We adopted this guy from a friend of a friend (accident litter) never got to see pictures of the parents, but curious to know opinions of posters on this forum, what you all think he is mixed with? 
And also curious about those ears, when he was 8 weeks I though they would be floppy his whole life, but now at 4 months they seem to be coming up more than down!


----------



## Judy Untamed (Oct 26, 2018)

Awwwwww! I just went a little heart-melty. :wub:

My guess would be some sort of collie mix. Whatever he is, he's absolutely adorable!


----------



## Sabis mom (Mar 20, 2014)

What a sweet face. My guess would be some type of collie mix but really what area do you live in? Look around at your common strays and that will probably tell you. 
I lived in a city for years that kept posting stray dogs in shelters as Rhodesian Ridgeback mixes and I have seen maybe two of them in like 20 years, I am also in Canada and every speckled dog I see is an apparent Catahoula mix but I still have yet to see a purebred one up here, lol. 
Whenever dad is an unknown I look at what was running loose near mom.


----------



## Rchisum (Mar 15, 2019)

The owner said parents are German Shepherd and Lab, not sure which was female/male. He's got a corkscrew of a tail and he is pretty long.


----------



## Rchisum (Mar 15, 2019)

Kind of surprised to see Collie mix suggested.


----------



## middleofnowhere (Dec 20, 2000)

I don't see lab but hey. Mixes can be hard to determine from looks. I'd almost think some BC in there with GSD. But cute, very cute. Very good attention.


----------



## MineAreWorkingline (May 2, 2015)

Collie / German Shepherd mixes were very popular when I was a kid. He very much looks like one.


----------



## Jenny720 (Nov 21, 2014)

Tails get more floof usually after a year old. I had a shepherd/ collie possibly golden retriever mix looked like your pup but had a tan body and black face. He was one of the greats! Same ears they never stood.


----------



## Kazel (Nov 29, 2016)

I've been seeing a lot of Aussie and border collies mixed with GSDs lately. As well as other herding and guardian breeds. Unfortunately husky is probably the most common. He doesn't look like any lab/GSD mixes I've seen. Was the GSD parent a longcoat? 

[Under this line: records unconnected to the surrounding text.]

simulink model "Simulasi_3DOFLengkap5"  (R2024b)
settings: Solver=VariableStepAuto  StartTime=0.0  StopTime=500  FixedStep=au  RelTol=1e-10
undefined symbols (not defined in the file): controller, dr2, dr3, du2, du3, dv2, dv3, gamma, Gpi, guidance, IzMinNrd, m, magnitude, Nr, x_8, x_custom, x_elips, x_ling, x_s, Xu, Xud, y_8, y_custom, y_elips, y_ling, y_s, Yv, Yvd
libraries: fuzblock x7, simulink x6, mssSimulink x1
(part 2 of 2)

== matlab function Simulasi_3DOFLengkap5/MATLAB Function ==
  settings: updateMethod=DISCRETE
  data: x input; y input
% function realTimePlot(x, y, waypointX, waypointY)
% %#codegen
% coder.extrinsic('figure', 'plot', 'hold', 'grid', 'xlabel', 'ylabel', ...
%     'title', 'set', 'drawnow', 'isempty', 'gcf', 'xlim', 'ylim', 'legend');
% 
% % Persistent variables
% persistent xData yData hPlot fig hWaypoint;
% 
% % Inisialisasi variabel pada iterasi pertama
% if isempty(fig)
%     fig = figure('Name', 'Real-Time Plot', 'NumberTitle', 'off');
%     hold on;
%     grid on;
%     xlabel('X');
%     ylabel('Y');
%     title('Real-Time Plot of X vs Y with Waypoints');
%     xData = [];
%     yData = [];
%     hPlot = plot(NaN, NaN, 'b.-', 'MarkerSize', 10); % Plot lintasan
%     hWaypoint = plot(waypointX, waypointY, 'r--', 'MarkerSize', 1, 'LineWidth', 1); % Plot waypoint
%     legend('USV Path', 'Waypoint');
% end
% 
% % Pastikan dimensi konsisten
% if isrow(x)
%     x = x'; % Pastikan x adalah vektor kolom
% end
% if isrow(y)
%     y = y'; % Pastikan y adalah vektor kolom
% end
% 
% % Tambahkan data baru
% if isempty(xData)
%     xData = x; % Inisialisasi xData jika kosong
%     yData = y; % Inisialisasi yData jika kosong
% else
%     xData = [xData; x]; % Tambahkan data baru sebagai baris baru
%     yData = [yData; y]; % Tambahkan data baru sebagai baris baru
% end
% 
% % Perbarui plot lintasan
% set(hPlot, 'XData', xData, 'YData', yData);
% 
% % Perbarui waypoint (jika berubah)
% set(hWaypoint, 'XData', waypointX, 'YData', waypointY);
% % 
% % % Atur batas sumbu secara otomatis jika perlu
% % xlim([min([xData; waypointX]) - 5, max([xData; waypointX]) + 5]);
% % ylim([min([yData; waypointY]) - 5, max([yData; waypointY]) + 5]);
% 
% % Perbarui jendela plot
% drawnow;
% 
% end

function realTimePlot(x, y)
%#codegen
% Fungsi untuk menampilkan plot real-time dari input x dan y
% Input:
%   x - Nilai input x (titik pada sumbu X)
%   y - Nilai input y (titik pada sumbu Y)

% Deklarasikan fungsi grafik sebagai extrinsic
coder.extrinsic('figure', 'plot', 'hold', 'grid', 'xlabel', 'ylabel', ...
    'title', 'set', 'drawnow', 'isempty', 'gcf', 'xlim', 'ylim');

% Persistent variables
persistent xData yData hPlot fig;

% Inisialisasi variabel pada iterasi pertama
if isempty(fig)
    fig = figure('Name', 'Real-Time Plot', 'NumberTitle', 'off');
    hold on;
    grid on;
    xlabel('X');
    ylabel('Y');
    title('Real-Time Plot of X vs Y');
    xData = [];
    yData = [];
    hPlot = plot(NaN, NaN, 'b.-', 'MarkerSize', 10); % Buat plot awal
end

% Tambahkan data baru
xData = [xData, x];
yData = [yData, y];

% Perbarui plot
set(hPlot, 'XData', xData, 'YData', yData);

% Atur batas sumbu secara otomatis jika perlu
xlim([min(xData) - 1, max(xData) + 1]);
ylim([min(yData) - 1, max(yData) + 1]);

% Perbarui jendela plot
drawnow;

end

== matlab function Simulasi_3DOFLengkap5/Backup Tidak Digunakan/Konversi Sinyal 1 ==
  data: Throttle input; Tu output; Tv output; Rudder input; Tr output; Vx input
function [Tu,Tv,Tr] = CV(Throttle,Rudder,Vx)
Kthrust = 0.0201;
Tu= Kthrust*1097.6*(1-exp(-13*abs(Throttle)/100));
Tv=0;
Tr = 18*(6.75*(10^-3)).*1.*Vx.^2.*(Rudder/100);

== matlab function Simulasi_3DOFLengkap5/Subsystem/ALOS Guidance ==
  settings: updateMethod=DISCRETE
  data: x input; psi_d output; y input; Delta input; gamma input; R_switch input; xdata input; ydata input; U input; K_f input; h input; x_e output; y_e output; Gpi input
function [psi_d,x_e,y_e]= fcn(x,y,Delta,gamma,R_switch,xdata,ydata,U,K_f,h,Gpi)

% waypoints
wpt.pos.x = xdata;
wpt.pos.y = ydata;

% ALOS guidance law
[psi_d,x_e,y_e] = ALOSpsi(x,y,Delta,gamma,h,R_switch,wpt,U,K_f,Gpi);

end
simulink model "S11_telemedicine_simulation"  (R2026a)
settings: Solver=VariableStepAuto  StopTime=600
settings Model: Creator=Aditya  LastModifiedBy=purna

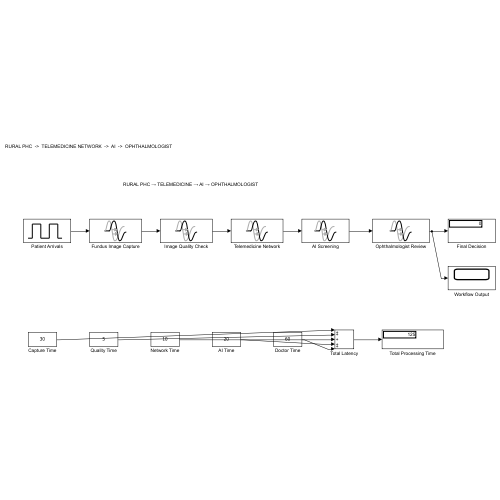
[thumbnail: Simulink's stored preview of the top-level diagram]
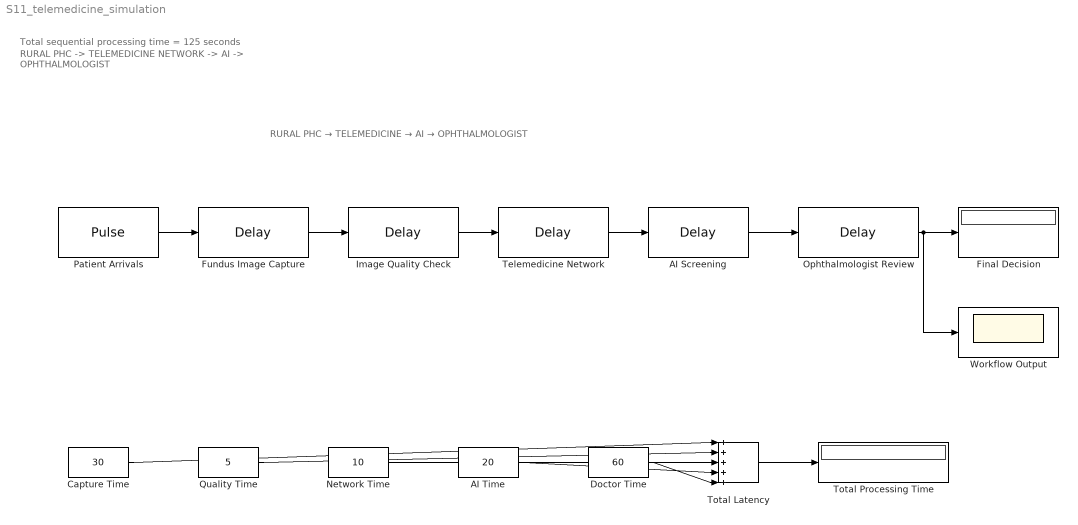
== system S11_telemedicine_simulation ==
  note: RURAL PHC → TELEMEDICINE → AI → OPHTHALMOLOGIST
  note: RURAL PHC -> TELEMEDICINE NETWORK -> AI -> OPHTHALMOLOGIST
  note: Total sequential processing time = 125 seconds
  AI Screening : TransportDelay  DelayTime=20
  AI Time : Constant  Value=20
  Capture Time : Constant  Value=30
  Doctor Time : Constant  Value=60
  Final Decision : Display
  Fundus Image Capture : TransportDelay  DelayTime=30
  Image Quality Check : TransportDelay  DelayTime=5
  Network Time : Constant  Value=10
  Ophthalmologist Review : TransportDelay  DelayTime=60
  Patient Arrivals : DiscretePulseGenerator  PulseType=Time based  Period=60  PulseWidth=10
  Quality Time : Constant  Value=5
  Telemedicine Network : TransportDelay  DelayTime=10
  Total Latency : Sum  Inputs=+++++
  Total Processing Time : Display
  Workflow Output : Scope
      settings: ActiveDisplayYMinimum=-0.38020833333333326  ActiveDisplayYMaximum=0.82928240740740744
  wires:
  Patient Arrivals/1 -> Fundus Image Capture/1
  Fundus Image Capture/1 -> Image Quality Check/1
  Image Quality Check/1 -> Telemedicine Network/1
  Telemedicine Network/1 -> AI Screening/1
  AI Screening/1 -> Ophthalmologist Review/1
  Ophthalmologist Review/1 -> Final Decision/1, Workflow Output/1
  Capture Time/1 -> Total Latency/1
  Quality Time/1 -> Total Latency/2
  Network Time/1 -> Total Latency/3
  AI Time/1 -> Total Latency/4
  Doctor Time/1 -> Total Latency/5
  Total Latency/1 -> Total Processing Time/1

Also Sabi, do you guys have a lot of ranchers and such around you? I'm down in MT and cats are becoming super common as are the mixes. People use them for hunting and herding. Also saw a Rhodesian ridgeback mix litter (either dad or mom was purebred, other was a blue tick I think) those puppies were about $200 and I can guarantee at least some of them will end up being bred. By spotted do you mean Merle or more like heeler?


----------



## Kari01 (Sep 7, 2018)

Congrats, very cute! I'm going to guess a border collie x gsd! I grew up in an area with many pure bred border collies, definitely has that look to me. Although it would be more usual for it to be more of a mix of different things, but not sure about your area.


----------